Top Sector Life Sciences & Health (LSH) entails a broad scope of disciplines, from pharmaceuticals to medical technology and from healthcare infrastructure to vaccination. To realise its mission – vital citizens in a healthy economy - the Top Sector builds on the strengths of the Dutch LSH sector to address the biggest societal challenges in prevention, cure and care. By funding multidisciplinary public-private partnerships (PPPs) the Top Sector aims to facilitate innovation. Here we give an overview of  a number of funded R&D projects by Top Sector LSH. The page is updated continuously.

Linking VASculopathy and Fibrosis with Autoimmunity in Systemic Sclerosis

Linking VASculopathy and Fibrosis with Autoimmunity in Systemic Sclerosis (VASFASS

The departments Rheumatology and Internal Medicine of the LUMC, together with Galapagos will join forces in a project linking vasculopathy and fibrosis with autoimmunity in Systemic Sclerosis (SSc). The collaboration between the research group of Dr De Vries-Bouwstra (Department of Rheumatology), Prof Van Zonneveld (Department of Internal Medicine) and Galapagos enables application of novel techniques including human microvessel-on-a-chip models and high-through-put assays aiming at target discovery in a large and well-described cohort of SSc patients.

SSc is a severe auto-immune disease that is characterised by excessive fibrosis of the skin and vasculopathy. In addition to skin, several organs, including the heart and lungs can be affected. Prognosis differs between subgroups of patients and is determined by the extent of organ involvement. Patients with a mild form of SSc have a 10-year survival rate of 75%; whereas patients with a severe form have a 10-year survival rate of 55%. Currently, treatment options are limited and a cure for the disease does not exist. 
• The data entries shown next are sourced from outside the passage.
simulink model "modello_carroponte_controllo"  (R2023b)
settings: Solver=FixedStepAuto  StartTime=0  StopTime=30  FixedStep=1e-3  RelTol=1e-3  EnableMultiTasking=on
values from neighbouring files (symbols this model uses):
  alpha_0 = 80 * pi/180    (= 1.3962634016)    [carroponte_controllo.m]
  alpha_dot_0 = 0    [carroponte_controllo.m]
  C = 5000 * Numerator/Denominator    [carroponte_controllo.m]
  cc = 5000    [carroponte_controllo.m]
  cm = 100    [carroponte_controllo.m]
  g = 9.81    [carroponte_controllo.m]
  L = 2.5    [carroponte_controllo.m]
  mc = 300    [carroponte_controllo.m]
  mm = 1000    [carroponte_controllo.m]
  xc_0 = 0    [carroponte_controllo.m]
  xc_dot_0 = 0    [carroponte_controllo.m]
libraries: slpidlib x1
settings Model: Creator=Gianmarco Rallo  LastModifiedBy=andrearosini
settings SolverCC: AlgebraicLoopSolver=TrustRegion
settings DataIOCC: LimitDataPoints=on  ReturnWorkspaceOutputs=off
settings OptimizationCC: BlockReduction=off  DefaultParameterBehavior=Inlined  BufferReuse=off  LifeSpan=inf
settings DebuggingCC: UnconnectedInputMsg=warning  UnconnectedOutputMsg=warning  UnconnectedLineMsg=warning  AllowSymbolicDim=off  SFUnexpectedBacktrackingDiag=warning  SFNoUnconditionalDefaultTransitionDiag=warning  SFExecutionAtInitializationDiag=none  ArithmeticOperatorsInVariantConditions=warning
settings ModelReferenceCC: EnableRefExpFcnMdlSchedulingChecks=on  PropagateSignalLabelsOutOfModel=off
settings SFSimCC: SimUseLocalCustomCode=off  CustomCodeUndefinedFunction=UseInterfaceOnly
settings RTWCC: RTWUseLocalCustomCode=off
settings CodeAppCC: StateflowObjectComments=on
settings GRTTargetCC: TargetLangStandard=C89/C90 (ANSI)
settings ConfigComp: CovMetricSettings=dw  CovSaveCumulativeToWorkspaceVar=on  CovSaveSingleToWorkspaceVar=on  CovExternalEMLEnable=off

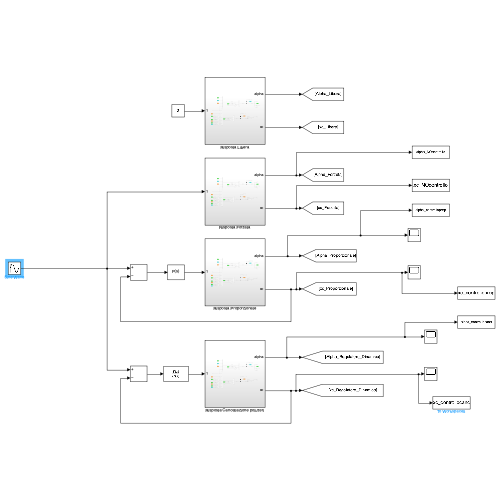
[thumbnail: Simulink's stored preview of the top-level diagram]
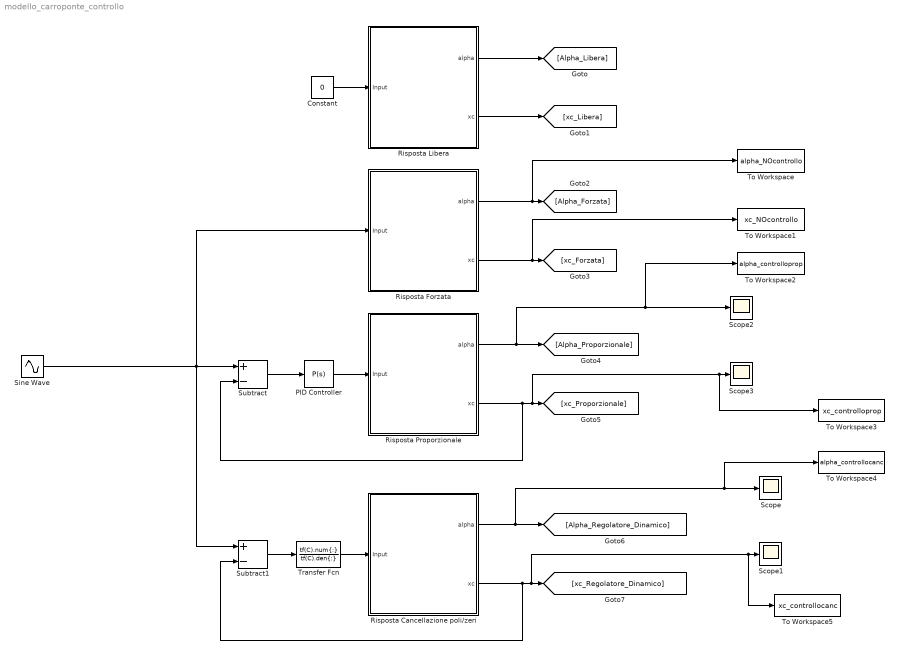
== system modello_carroponte_controllo ==
  Constant : Constant  Value=0
  PID Controller : slpidlib/PID Controller  Controller=P  Form=Parallel  TimeDomain=Continuous-time  UseExternalTs=off  SampleTime=-1  IntegratorMethod=Forward Euler  FilterMethod=Forward Euler  ControllerParametersSource=internal  P=5e3  I=1  UseKiTs=off  D=0  N=100  UseFilter=on  TunerSelectOption=Transfer Function Based (PID Tuner App)  InitialConditionSource=internal  InitialConditionForIntegrator=0  InitialConditionForFilter=0  DifferentiatorICPrevScaledInput=0  ExternalReset=none  TrackingMode=off  Kt=1  LimitOutput=off  SatLimitsSource=internal  UpperSaturationLimit=inf  LowerSaturationLimit=-inf  LinearizeAsGain=on  AntiWindupMode=none  Kb=1  LimitIntegrator=off  UpperIntegratorSaturationLimit=inf  LowerIntegratorSaturationLimit=-inf  POutMin=[]  POutMax=[]  IOutMin=[]  IOutMax=[]  DOutMin=[]  DOutMax=[]  NOutMin=[]  NOutMax=[]  SumOutMin=[]  SumOutMax=[]  SaturationOutMin=[]  SaturationOutMax=[]  PParamMin=[]  PParamMax=[]  IParamMin=[]  IParamMax=[]  DParamMin=[]  DParamMax=[]  NParamMin=[]  NParamMax=[]  KbParamMin=[]  KbParamMax=[]  KtParamMin=[]  KtParamMax=[]  KbOutMin=[]  KbOutMax=[]  KtOutMin=[]  KtOutMax=[]  IntegratorOutMin=[]  IntegratorOutMax=[]  FilterOutMin=[]  FilterOutMax=[]  SumI1OutMin=[]  SumI1OutMax=[]  SumI2OutMin=[]  SumI2OutMax=[]  SumI3OutMin=[]  SumI3OutMax=[]  SumI4OutMin=[]  SumI4OutMax=[]  SumDOutMin=[]  SumDOutMax=[]  DifferentiatorOutMin=[]  DifferentiatorOutMax=[]  FilterDiffOutCoefMin=[]  FilterDiffOutCoefMax=[]  ReciprocalOutMin=[]  ReciprocalOutMax=[]  SumDenOutMin=[]  SumDenOutMax=[]  SumNumOutMin=[]  SumNumOutMax=[]  DivideOutMin=[]  DivideOutMax=[]  UdiffTsProdOutMin=[]  UdiffTsProdOutMax=[]  NTsProdOutMin=[]  NTsProdOutMax=[]  UintegralTsProdOutMin=[]  UintegralTsProdOutMax=[]  UngainTsProdOutMin=[]  UngainTsProdOutMax=[]  ClampingZeroOutDataTypeStr=Inherit: Inherit via back propagation  ClampingZeroOutMin=[]  ClampingZeroOutMax=[]  FilterDenConstantOutDataTypeStr=Inherit: Inherit via back propagation  FilterDenConstantOutMin=[]  FilterDenConstantOutMax=[]  PCopyOutDataTypeStr=Inherit: Inherit via back propagation  PCopyOutMin=[]  PCopyOutMax=[]  NCopyOutDataTypeStr=Inherit: Inherit via back propagation  NCopyOutMin=[]  NCopyOutMax=[]  IntegratorContinuousStateAttributes=''  IntegratorStateMustResolveToSignalObject=off  IntegratorRTWStateStorageClass=Auto  FilterContinuousStateAttributes=''  FilterStateMustResolveToSignalObject=off  FilterRTWStateStorageClass=Auto  ParallelPVariant=InternalParameters  IdealPVariant=Disabled  IVariant=Disabled  DVariant=Disabled  IntegratorVariant=Disabled  SatVariant=Disabled  AWVariant=Disabled  PCopyVariant=Disabled  TRVariant=Disabled  FdbkBlocksVariant=Forward  IdealPFdbkVariant=Disabled  SatFdbkVariant=Disabled  DerivativeFilterVariant=Disabled  NVariant=Disabled  NCopyVariant=Disabled_SignalSpec  FilterICVariant=Disabled  IntegratorICVariant=Disabled  ExternalResetVariant=Disabled  TRSumVariant=Passthrough  SumFdbkVariant=Disabled  SumVariant=Passthrough_P  TsampFilterVariant=InternalTs  TsampNgainVariant=Passthrough  TsampIntegralVariant=Disabled_SignalSpec  ExternalSaturationOutDataTypeStr=Inherit: Same as second input
  Risposta Cancellazione poli/zeri : Subsystem
  Risposta Forzata : Subsystem
  Risposta Libera : Subsystem
  Risposta Proporzionale : Subsystem
  Scope{,1..3} (4 alike) : Scope
  Sine Wave : Sin  Amplitude=0  Frequency=2  SampleTime=0
  Subtract : Sum  Inputs=+-
  Subtract1 : Sum  Inputs=+-
  To Workspace : ToWorkspace  VariableName=alpha_NOcontrollo  SaveFormat=Timeseries  SampleTime=-1
  To Workspace1 : ToWorkspace  VariableName=xc_NOcontrollo  SaveFormat=Timeseries  SampleTime=-1
  To Workspace2 : ToWorkspace  VariableName=alpha_controlloprop  SaveFormat=Timeseries  SampleTime=-1
  To Workspace3 : ToWorkspace  VariableName=xc_controlloprop  SaveFormat=Timeseries  SampleTime=-1
  To Workspace4 : ToWorkspace  VariableName=alpha_controllocanc  SaveFormat=Timeseries  SampleTime=-1
  To Workspace5 : ToWorkspace  VariableName=xc_controllocanc  SaveFormat=Timeseries  SampleTime=-1
  Transfer Fcn : TransferFcn  Numerator=tf(C).num{:}  Denominator=tf(C).den{:}
  wires:
  Risposta Libera/1(alpha) -> [Alpha_Libera]
  Risposta Libera/2(xc) -> [xc_Libera]
  Constant/1 -> Risposta Libera/1(Input)
  Risposta Forzata/2(xc) -> To Workspace1/1, [xc_Forzata]
  Risposta Forzata/1(alpha) -> To Workspace/1, [Alpha_Forzata]
  Risposta Proporzionale/1(alpha) -> To Workspace2/1, Scope2/1, [Alpha_Proporzionale]
  Risposta Proporzionale/2(xc) -> Subtract/2, To Workspace3/1, Scope3/1, [xc_Proporzionale]
  PID Controller/1 -> Risposta Proporzionale/1(Input)
  Subtract/1 -> PID Controller/1
  Sine Wave/1 -> Risposta Forzata/1(Input), Subtract1/1, Subtract/1
  Subtract1/1 -> Transfer Fcn/1
  Transfer Fcn/1 -> Risposta Cancellazione poli/zeri/1(Input)
  Risposta Cancellazione poli/zeri/2(xc) -> To Workspace5/1, Scope1/1, [xc_Regolatore_Dinamico], Subtract1/2
  Risposta Cancellazione poli/zeri/1(alpha) -> To Workspace4/1, Scope/1, [Alpha_Regolatore_Dinamico]

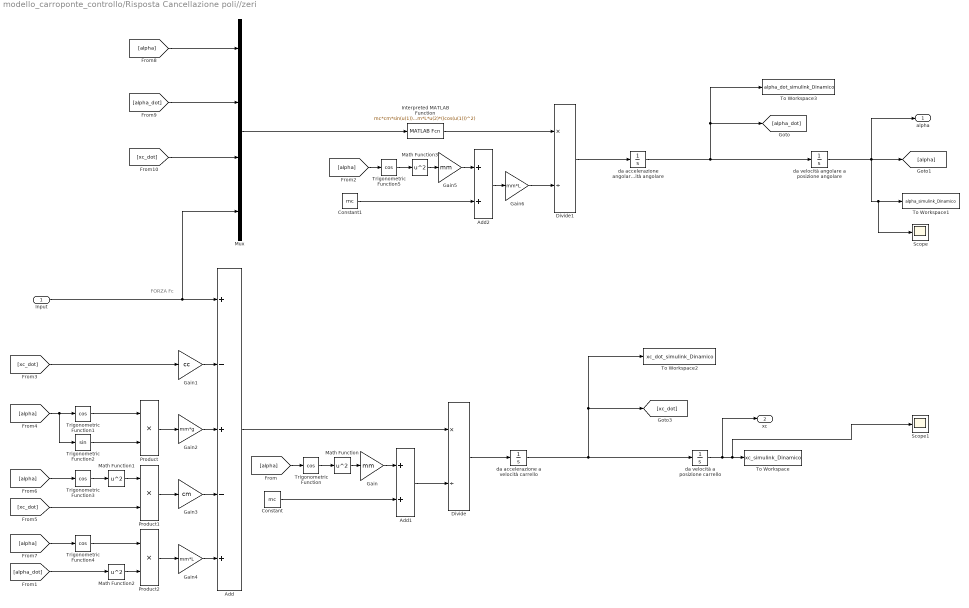
== system modello_carroponte_controllo/Risposta Cancellazione poli//zeri ==
  note: FORZA Fc
  Input : Inport
  Add : Sum  Inputs=+-+-+
  Add1 : Sum
  Add2 : Sum
  Constant : Constant  Value=mc
  Constant1 : Constant  Value=mc
  Divide : Product  Inputs=*/
  Divide1 : Product  Inputs=*/
  Gain : Gain  Gain=mm
  Gain1 : Gain  Gain=cc
  Gain2 : Gain  Gain=mm*g
  Gain3 : Gain  Gain=cm
  Gain4 : Gain  Gain=mm*L
  Gain5 : Gain  Gain=mm
  Gain6 : Gain  Gain=mm*L
  Interpreted MATLAB Function : MATLABFcn  MATLABFcn=mc*cm*sin(u(1))*u(3) - mm*cc*sin(u(1))*u(3) + (mm^2)*L*sin(u(1))*cos(u(1))*(u(2)^2) + mm*sin(u(1))*u(4) + (mm^2)*g*cos(u(1)) + mc*mm*g*cos(u(1)) - mc*cm*L*u(2) - mm*cm*L*u(2)*((cos(u(1)))^2)  OutputDimensions=1
  Math Function{,1..3} (4 alike) : Math  Operator=square  SignedPower=on
  Mux : Mux
  Product : Product
  Product1 : Product
  Product2 : Product
  Scope : Scope
  Scope1 : Scope
  To Workspace : ToWorkspace  VariableName=xc_simulink_Dinamico  SampleTime=-1
  To Workspace1 : ToWorkspace  VariableName=alpha_simulink_Dinamico  SampleTime=-1
  To Workspace2 : ToWorkspace  VariableName=xc_dot_simulink_Dinamico  SampleTime=-1
  To Workspace3 : ToWorkspace  VariableName=alpha_dot_simulink_Dinamico  SampleTime=-1
  Trigonometric Function{,1,3..5} (5 alike) : Trigonometry  Operator=cos
  Trigonometric Function2 : Trigonometry
  da accelerazione a velocità carrello : Integrator  InitialCondition=xc_dot_0
  da accelerazione angolare a velocità angolare : Integrator  InitialCondition=alpha_dot_0
  da velocità a posizione carrello : Integrator  InitialCondition=xc_0
  da velocità angolare a posizione angolare : Integrator  InitialCondition=alpha_0
  alpha : Outport
  xc : Outport  Port=2
  wires:
  Math Function2/1 -> Product2/2
  [alpha] -> Trigonometric Function4/1
  Gain4/1 -> Add/5
  [xc_dot] -> Mux/3
  Trigonometric Function3/1 -> Math Function1/1
  [alpha_dot] -> Math Function2/1
  Gain3/1 -> Add/4
  Product1/1 -> Gain3/1
  Gain6/1 -> Divide1/2
  Gain2/1 -> Add/3
  Divide/1 -> da accelerazione a velocità carrello/1
  [alpha_dot] -> Mux/2
  Input/1 -> Add/1, Mux/4
  [xc_dot] -> Gain1/1
  da velocità a posizione carrello/1 -> To Workspace/1, Scope1/1, xc/1
  Product2/1 -> Gain4/1
  Trigonometric Function/1 -> Math Function/1
  Product/1 -> Gain2/1
  Add2/1 -> Gain6/1
  Divide1/1 -> da accelerazione angolare a velocità angolare/1
  Interpreted MATLAB Function/1 -> Divide1/1
  Trigonometric Function4/1 -> Product2/1
  Gain5/1 -> Add2/1
  Trigonometric Function1/1 -> Product/1
  [alpha] -> Trigonometric Function5/1
  Gain1/1 -> Add/2
  Trigonometric Function5/1 -> Math Function3/1
  Add1/1 -> Divide/2
  Constant1/1 -> Add2/2
  Add/1 -> Divide/1
  Math Function3/1 -> Gain5/1
  Mux/1 -> Interpreted MATLAB Function/1
  Constant/1 -> Add1/2
  [alpha] -> Trigonometric Function1/1, Trigonometric Function2/1
  [xc_dot] -> Product1/2
  Math Function1/1 -> Product1/1
  Trigonometric Function2/1 -> Product/2
  da accelerazione angolare a velocità angolare/1 -> da velocità angolare a posizione angolare/1, [alpha_dot], To Workspace3/1
  [alpha] -> Trigonometric Function/1
  da accelerazione a velocità carrello/1 -> [xc_dot], To Workspace2/1, da velocità a posizione carrello/1
  [alpha] -> Mux/1
  [alpha] -> Trigonometric Function3/1
  Math Function/1 -> Gain/1
  Gain/1 -> Add1/1
  da velocità angolare a posizione angolare/1 -> [alpha], To Workspace1/1, Scope/1, alpha/1

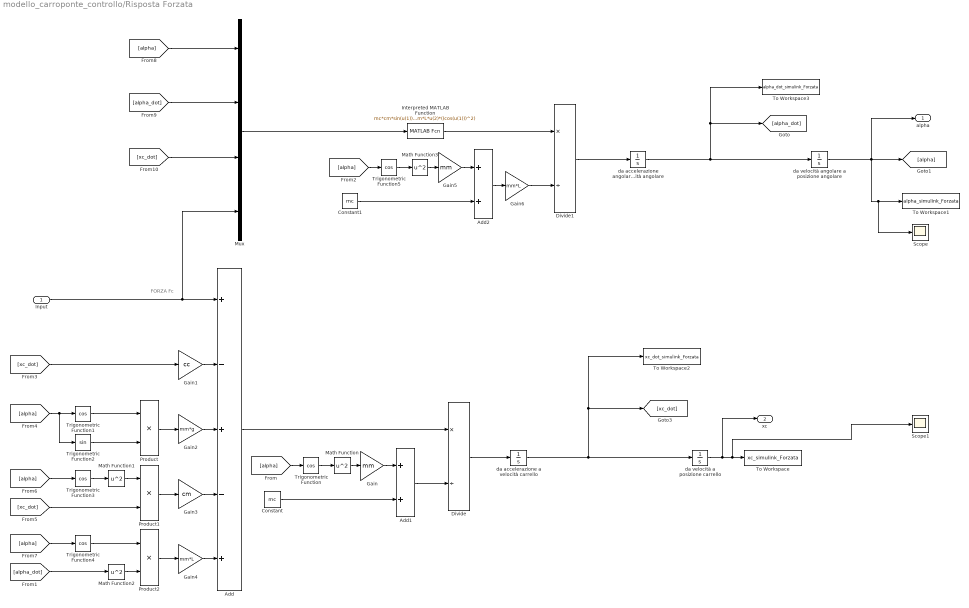
== system modello_carroponte_controllo/Risposta Forzata ==
  note: FORZA Fc
  Input : Inport
  Add : Sum  Inputs=+-+-+
  Add1 : Sum
  Add2 : Sum
  Constant : Constant  Value=mc
  Constant1 : Constant  Value=mc
  Divide : Product  Inputs=*/
  Divide1 : Product  Inputs=*/
  Gain : Gain  Gain=mm
  Gain1 : Gain  Gain=cc
  Gain2 : Gain  Gain=mm*g
  Gain3 : Gain  Gain=cm
  Gain4 : Gain  Gain=mm*L
  Gain5 : Gain  Gain=mm
  Gain6 : Gain  Gain=mm*L
  Interpreted MATLAB Function : MATLABFcn  MATLABFcn=mc*cm*sin(u(1))*u(3) - mm*cc*sin(u(1))*u(3) + (mm^2)*L*sin(u(1))*cos(u(1))*(u(2)^2) + mm*sin(u(1))*u(4) + (mm^2)*g*cos(u(1)) + mc*mm*g*cos(u(1)) - mc*cm*L*u(2) - mm*cm*L*u(2)*((cos(u(1)))^2)  OutputDimensions=1
  Math Function{,1..3} (4 alike) : Math  Operator=square  SignedPower=on
  Mux : Mux
  Product : Product
  Product1 : Product
  Product2 : Product
  Scope : Scope
  Scope1 : Scope
  To Workspace : ToWorkspace  VariableName=xc_simulink_Forzata  SampleTime=-1
  To Workspace1 : ToWorkspace  VariableName=alpha_simulink_Forzata  SampleTime=-1
  To Workspace2 : ToWorkspace  VariableName=xc_dot_simulink_Forzata  SampleTime=-1
  To Workspace3 : ToWorkspace  VariableName=alpha_dot_simulink_Forzata  SampleTime=-1
  Trigonometric Function{,1,3..5} (5 alike) : Trigonometry  Operator=cos
  Trigonometric Function2 : Trigonometry
  da accelerazione a velocità carrello : Integrator  InitialCondition=xc_dot_0
  da accelerazione angolare a velocità angolare : Integrator  InitialCondition=alpha_dot_0
  da velocità a posizione carrello : Integrator  InitialCondition=xc_0
  da velocità angolare a posizione angolare : Integrator  InitialCondition=alpha_0
  alpha : Outport
  xc : Outport  Port=2
  wires:
  Math Function2/1 -> Product2/2
  [alpha] -> Trigonometric Function4/1
  Gain4/1 -> Add/5
  [xc_dot] -> Mux/3
  Trigonometric Function3/1 -> Math Function1/1
  [alpha_dot] -> Math Function2/1
  Gain3/1 -> Add/4
  Product1/1 -> Gain3/1
  Gain6/1 -> Divide1/2
  Gain2/1 -> Add/3
  Divide/1 -> da accelerazione a velocità carrello/1
  [alpha_dot] -> Mux/2
  Input/1 -> Add/1, Mux/4
  [xc_dot] -> Gain1/1
  da velocità a posizione carrello/1 -> To Workspace/1, Scope1/1, xc/1
  Product2/1 -> Gain4/1
  Trigonometric Function/1 -> Math Function/1
  Product/1 -> Gain2/1
  Add2/1 -> Gain6/1
  Divide1/1 -> da accelerazione angolare a velocità angolare/1
  Interpreted MATLAB Function/1 -> Divide1/1
  Trigonometric Function4/1 -> Product2/1
  Gain5/1 -> Add2/1
  Trigonometric Function1/1 -> Product/1
  [alpha] -> Trigonometric Function5/1
  Gain1/1 -> Add/2
  Trigonometric Function5/1 -> Math Function3/1
  Add1/1 -> Divide/2
  Constant1/1 -> Add2/2
  Add/1 -> Divide/1
  Math Function3/1 -> Gain5/1
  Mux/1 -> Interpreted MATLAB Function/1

Vascular damage is among the earliest pathological hallmarks of the disease. The discovery of several functional vascular autoantibodies that associate with disease severity and mortality in SSc indicate a link between vasculopathy, autoantibodies and fibrosis. Using the human microvessel-on-a-chip model we will expose human endothelial cells to blood derived from SSc patients to identify which antibodies and/ or other factors cause vascular damage. In addition, transformation of endothelial cells to mesenchymal cells that induce fibrosis after exposure to SSc sera will be studied. High-throughput assays will be applied to identify relevant targets for interfering both with vasculopathy and fibrosis.  

In summary, this project aims to understand what causes vasculopathy and fibrosis in SSc to improve prediction of disease outcome and to identify essential factors in the pathogenic process of fibrosis as a starting point for development of novel therapeutics.